[THE TASK]
Every line containing the string "sheet" should be returned from the records.
■ ■ ■
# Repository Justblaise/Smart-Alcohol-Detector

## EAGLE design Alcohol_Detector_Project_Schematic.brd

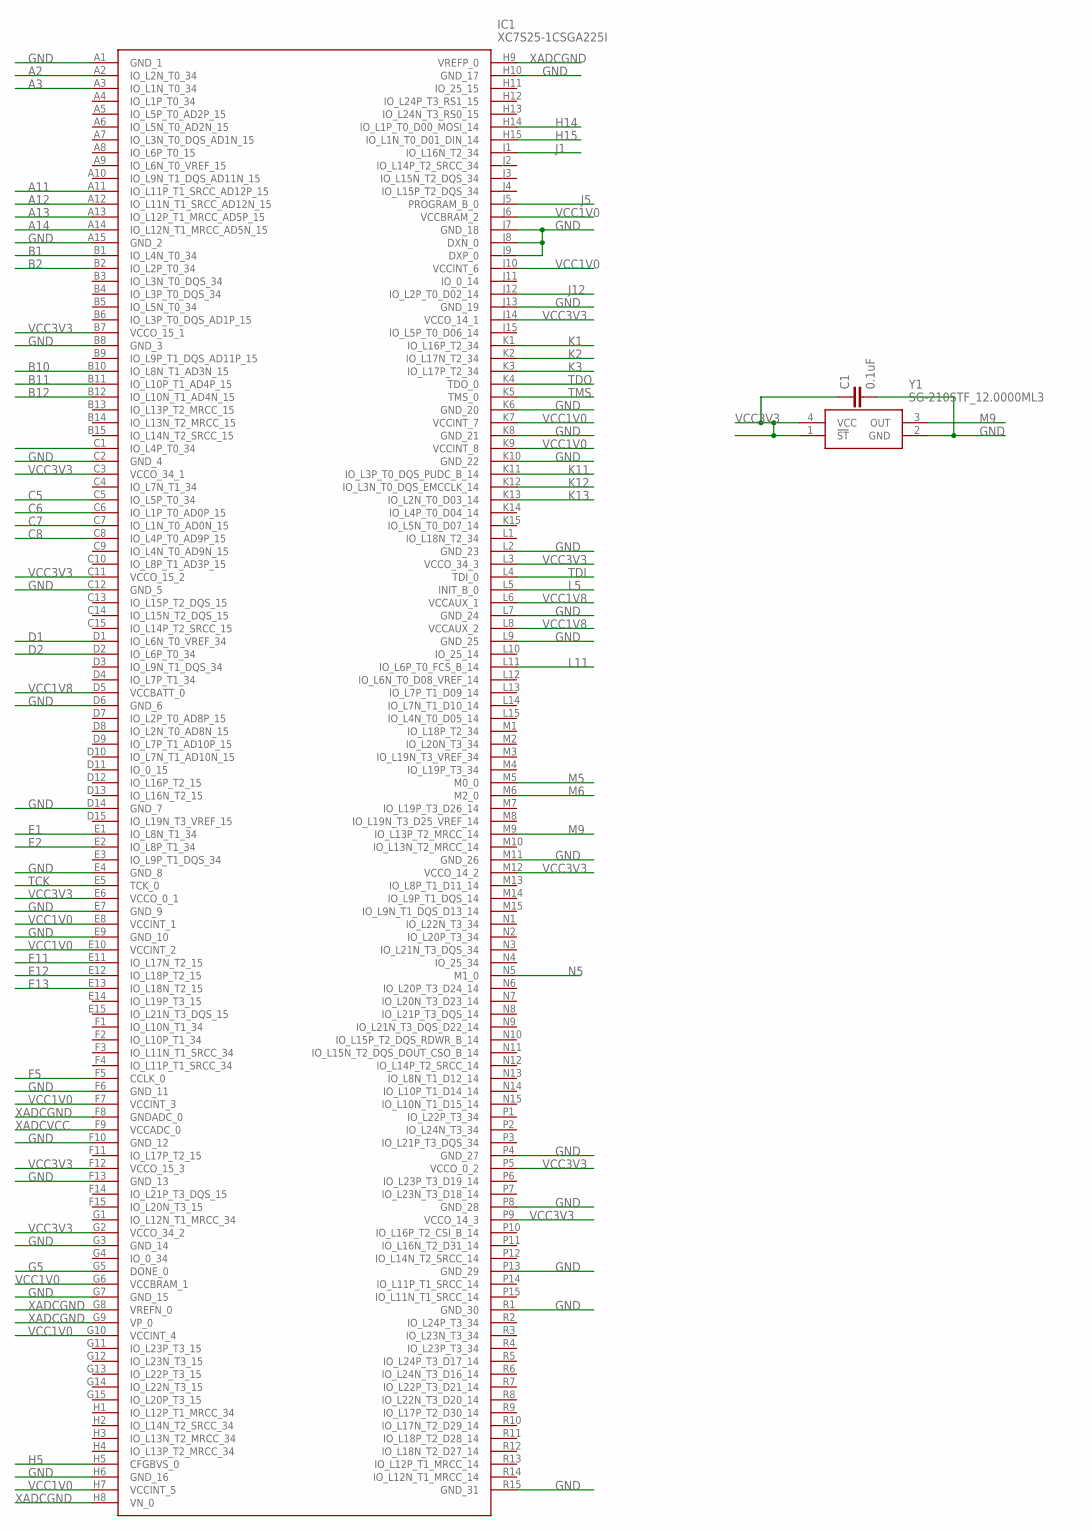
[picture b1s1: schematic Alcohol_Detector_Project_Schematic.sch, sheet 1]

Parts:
C1: 0.1uF; 0402
IC1: XC7S25-1CSGA225I; BGA225C80P15X15_1300X1300X140
Y1: SG-210STF_12.0000ML3; SG210STF120000ML3

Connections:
A2: IC1.A2 (IO_L2N_T0_34); also elsewhere on the board
A3: IC1.A3 (IO_L1N_T0_34); also elsewhere on the board
A11: IC1.A11 (IO_L11P_T1_SRCC_AD12P_15); also elsewhere on the board
A12: IC1.A12 (IO_L11N_T1_SRCC_AD12N_15); also elsewhere on the board
A13: IC1.A13 (IO_L12P_T1_MRCC_AD5P_15); also elsewhere on the board
A14: IC1.A14 (IO_L12N_T1_MRCC_AD5N_15); also elsewhere on the board
B1: IC1.B1 (IO_L4N_T0_34); also elsewhere on the board
B2: IC1.B2 (IO_L2P_T0_34); also elsewhere on the board
B10: IC1.B10 (IO_L8N_T1_AD3N_15); also elsewhere on the board
B11: IC1.B11 (IO_L10P_T1_AD4P_15); also elsewhere on the board
B12: IC1.B12 (IO_L10N_T1_AD4N_15); also elsewhere on the board
C5: IC1.C5 (IO_L5P_T0_34); also elsewhere on the board
C6: IC1.C6 (IO_L1P_T0_AD0P_15); also elsewhere on the board
C7: IC1.C7 (IO_L1N_T0_AD0N_15); also elsewhere on the board
C8: IC1.C8 (IO_L4P_T0_AD9P_15); also elsewhere on the board
D1: IC1.D1 (IO_L6N_T0_VREF_34); also elsewhere on the board
D2: IC1.D2 (IO_L6P_T0_34); also elsewhere on the board
E1: IC1.E1 (IO_L8N_T1_34); also elsewhere on the board
E2: IC1.E2 (IO_L8P_T1_34); also elsewhere on the board
E11: IC1.E11 (IO_L17N_T2_15); also elsewhere on the board
E12: IC1.E12 (IO_L18P_T2_15); also elsewhere on the board
E13: IC1.E13 (IO_L18N_T2_15); also elsewhere on the board
F5: IC1.F5 (CCLK_0); also elsewhere on the board
G5: IC1.G5 (DONE_0); also elsewhere on the board
GND: C1.2, IC1.A1 (GND_1), IC1.A15 (GND_2), IC1.B8 (GND_3), IC1.C2 (GND_4), IC1.C12 (GND_5), IC1.D6 (GND_6), IC1.D14 (GND_7), IC1.E4 (GND_8), IC1.E7 (GND_9), IC1.E9 (GND_10), IC1.F6 (GND_11), IC1.F10 (GND_12), IC1.F13 (GND_13), IC1.G3 (GND_14), IC1.G7 (GND_15), IC1.H6 (GND_16), IC1.H10 (GND_17), IC1.J7 (GND_18), IC1.J8 (DXN_0), IC1.J9 (DXP_0), IC1.J13 (GND_19), IC1.K6 (GND_20), IC1.K8 (GND_21), IC1.K10 (GND_22), IC1.L2 (GND_23), IC1.L7 (GND_24), IC1.L9 (GND_25), IC1.M11 (GND_26), IC1.P4 (GND_27), IC1.P8 (GND_28), IC1.P13 (GND_29), IC1.R1 (GND_30), IC1.R15 (GND_31), Y1.2 (GND); also elsewhere on the board
H5: IC1.H5 (CFGBVS_0); also elsewhere on the board
H14: IC1.H14 (IO_L1P_T0_D00_MOSI_14); also elsewhere on the board
H15: IC1.H15 (IO_L1N_T0_D01_DIN_14); also elsewhere on the board
J1: IC1.J1 (IO_L16N_T2_34); also elsewhere on the board
J5: IC1.J5 (PROGRAM_B_0); also elsewhere on the board
J12: IC1.J12 (IO_L2P_T0_D02_14); also elsewhere on the board
K1: IC1.K1 (IO_L16P_T2_34); also elsewhere on the board
K2: IC1.K2 (IO_L17N_T2_34); also elsewhere on the board
K3: IC1.K3 (IO_L17P_T2_34); also elsewhere on the board
K11: IC1.K11 (IO_L3P_T0_DQS_PUDC_B_14); also elsewhere on the board
K12: IC1.K12 (IO_L3N_T0_DQS_EMCCLK_14); also elsewhere on the board
K13: IC1.K13 (IO_L2N_T0_D03_14); also elsewhere on the board
L5: IC1.L5 (INIT_B_0); also elsewhere on the board
L11: IC1.L11 (IO_L6P_T0_FCS_B_14); also elsewhere on the board
M5: IC1.M5 (M0_0); also elsewhere on the board
M6: IC1.M6 (M2_0); also elsewhere on the board
M9: IC1.M9 (IO_L13P_T2_MRCC_14), Y1.3 (OUT)
N5: IC1.N5 (M1_0); also elsewhere on the board
TCK: IC1.E5 (TCK_0); also elsewhere on the board
TDI: IC1.L4 (TDI_0); also elsewhere on the board
TDO: IC1.K4 (TDO_0); also elsewhere on the board
TMS: IC1.K5 (TMS_0); also elsewhere on the board
VCC1V0: IC1.E8 (VCCINT_1), IC1.E10 (VCCINT_2), IC1.F7 (VCCINT_3), IC1.G6 (VCCBRAM_1), IC1.G10 (VCCINT_4), IC1.H7 (VCCINT_5), IC1.J6 (VCCBRAM_2), IC1.J10 (VCCINT_6), IC1.K7 (VCCINT_7), IC1.K9 (VCCINT_8); also elsewhere on the board
VCC1V8: IC1.D5 (VCCBATT_0), IC1.L6 (VCCAUX_1), IC1.L8 (VCCAUX_2); also elsewhere on the board
VCC3V3: C1.1, IC1.B7 (VCCO_15_1), IC1.C3 (VCCO_34_1), IC1.C11 (VCCO_15_2), IC1.E6 (VCCO_0_1), IC1.F12 (VCCO_15_3), IC1.G2 (VCCO_34_2), IC1.J14 (VCCO_14_1), IC1.L3 (VCCO_34_3), IC1.M12 (VCCO_14_2), IC1.P5 (VCCO_0_2), IC1.P9 (VCCO_14_3), Y1.1 (!ST), Y1.4 (VCC); also elsewhere on the board
XADCGND: IC1.F8 (GNDADC_0), IC1.G8 (VREFN_0), IC1.G9 (VP_0), IC1.H8 (VN_0), IC1.H9 (VREFP_0); also elsewhere on the board
XADCVCC: IC1.F9 (VCCADC_0); also elsewhere on the board

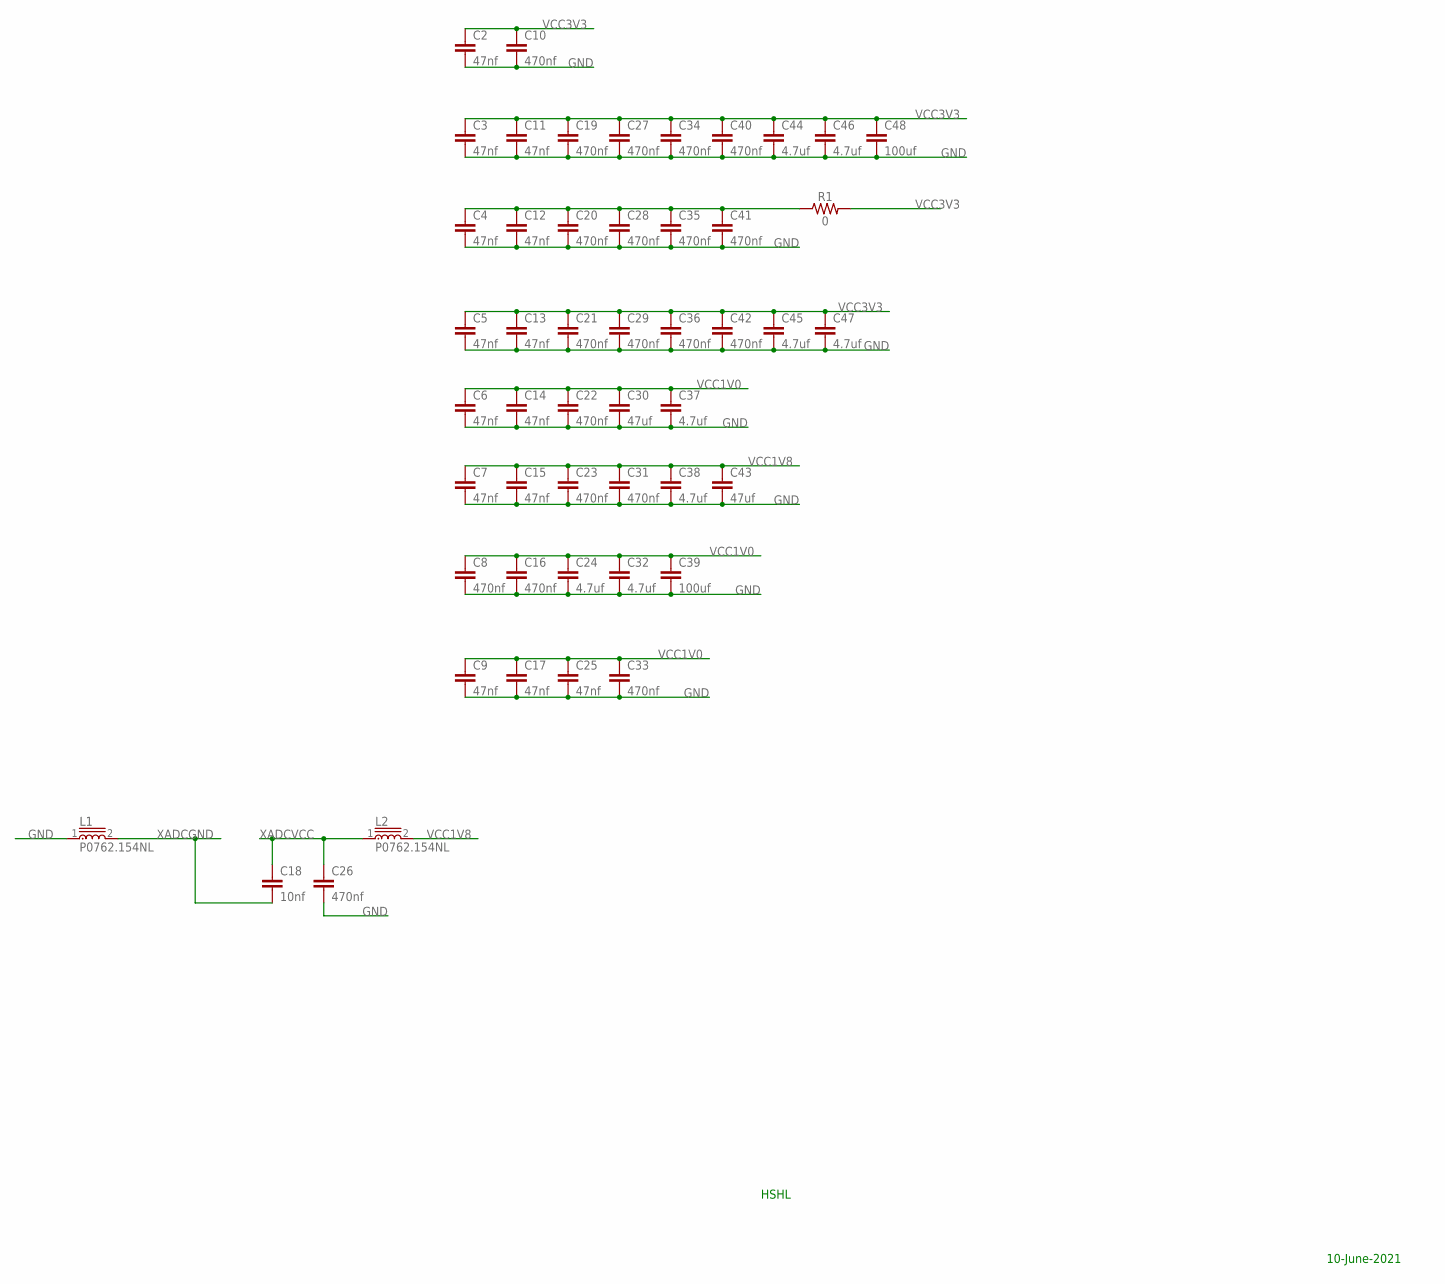
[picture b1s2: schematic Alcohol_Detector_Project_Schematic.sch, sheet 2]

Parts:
C2, C3, C4, C5, C6, C7, C9, C11, C12, C13, C14, C15, C17, C25: 47nf; C2.5-3
C8, C10, C16, C19, C20, C21, C22, C23, C26, C27, C28, C29, C31, C33, C34, C35, C36, C40, C41, C42: 470nf; C2.5-3
C18: 10nf; C2.5-3
C24, C32, C37, C38, C44, C45, C46, C47: 4.7uf; C2.5-3
C30, C43: 47uf; C2.5-3
C39, C48: 100uf; C2.5-3
L1, L2: P0762.154NL; P0762NL
R1: 0; 0402

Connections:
GND: C2.2, C3.2, C4.2, C5.2, C6.2, C7.2, C8.2, C9.2, C10.2, C11.2, C12.2, C13.2, C14.2, C15.2, C16.2, C17.2, C19.2, C20.2, C21.2, C22.2, C23.2, C24.2, C25.2, C26.2, C27.2, C28.2, C29.2, C30.2, C31.2, C32.2, C33.2, C34.2, C35.2, C36.2, C37.2, C38.2, C39.2, C40.2, C41.2, C42.2, C43.2, C44.2, C45.2, C46.2, C47.2, C48.2, L1.1; also elsewhere on the board
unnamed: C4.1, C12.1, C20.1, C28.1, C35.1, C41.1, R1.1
■ ■ ■
[EXERCISE RESULT]
[picture b1s1: schematic Alcohol_Detector_Project_Schematic.sch, sheet 1]
[picture b1s2: schematic Alcohol_Detector_Project_Schematic.sch, sheet 2]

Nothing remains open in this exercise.